Assignment –
Leaving out the pictures, retype the lines from the beginning of the listing through the line containing "# Not quite".
==== Supplied entries
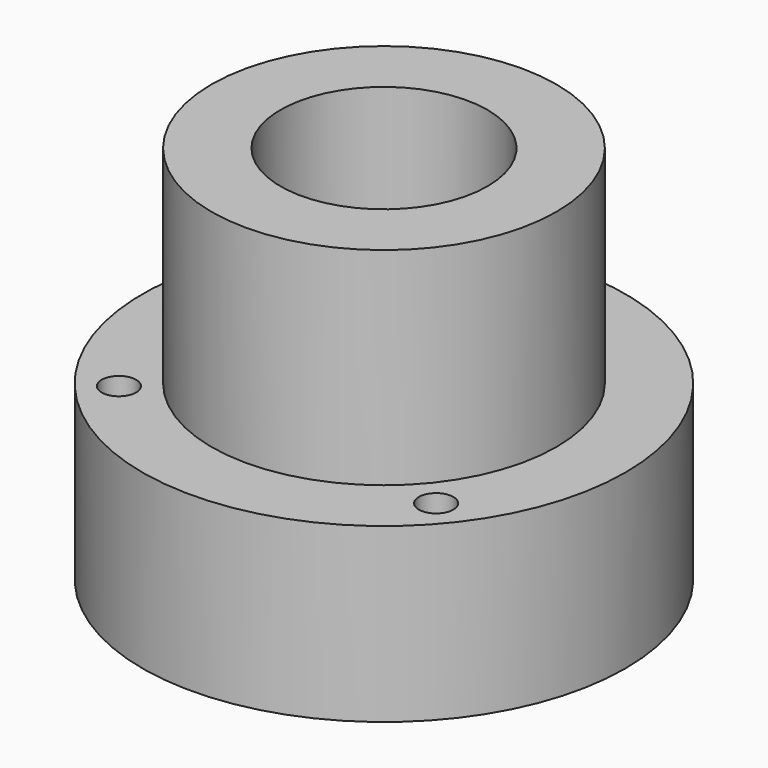
from build123d import *

# Parameters (mm, degrees)
F0_R     = 35
F0_R_2   = 2.5
F0_R_3   = 25
F1_DEPTH = 25
F0_R_4   = 15
F2_DEPTH = 55


# Not quite as in the source:
# - the program builds the solid bodies; features that only make, move or delete a surface that nothing else refers to are left out


with BuildPart() as f1:
    # F0 (on Top) → F1 (new body)
    with BuildSketch(Plane.XY):
        Circle(F0_R)
        with Locations((-22.9813332936, -19.2836282906)):
            Circle(F0_R_2, mode=Mode.SUBTRACT)
        with Locations((22.9813332936, -19.2836282906)):
            Circle(F0_R_2, mode=Mode.SUBTRACT)
        Circle(F0_R_3, mode=Mode.SUBTRACT)
        with Locations((0, 30)):
            Circle(F0_R_2, mode=Mode.SUBTRACT)
    extrude(amount=F1_DEPTH)

    # F0 (on Top) → F2 (join)
    with BuildSketch(Plane.XY):
        Circle(F0_R_3)
        Circle(F0_R_4, mode=Mode.SUBTRACT)
    extrude(amount=F2_DEPTH)


solid = f1.part
========
Your solution –
from build123d import *

# Parameters (mm, degrees)
F0_R     = 35
F0_R_2   = 2.5
F0_R_3   = 25
F1_DEPTH = 25
F0_R_4   = 15
F2_DEPTH = 55


# Not quite as in the source:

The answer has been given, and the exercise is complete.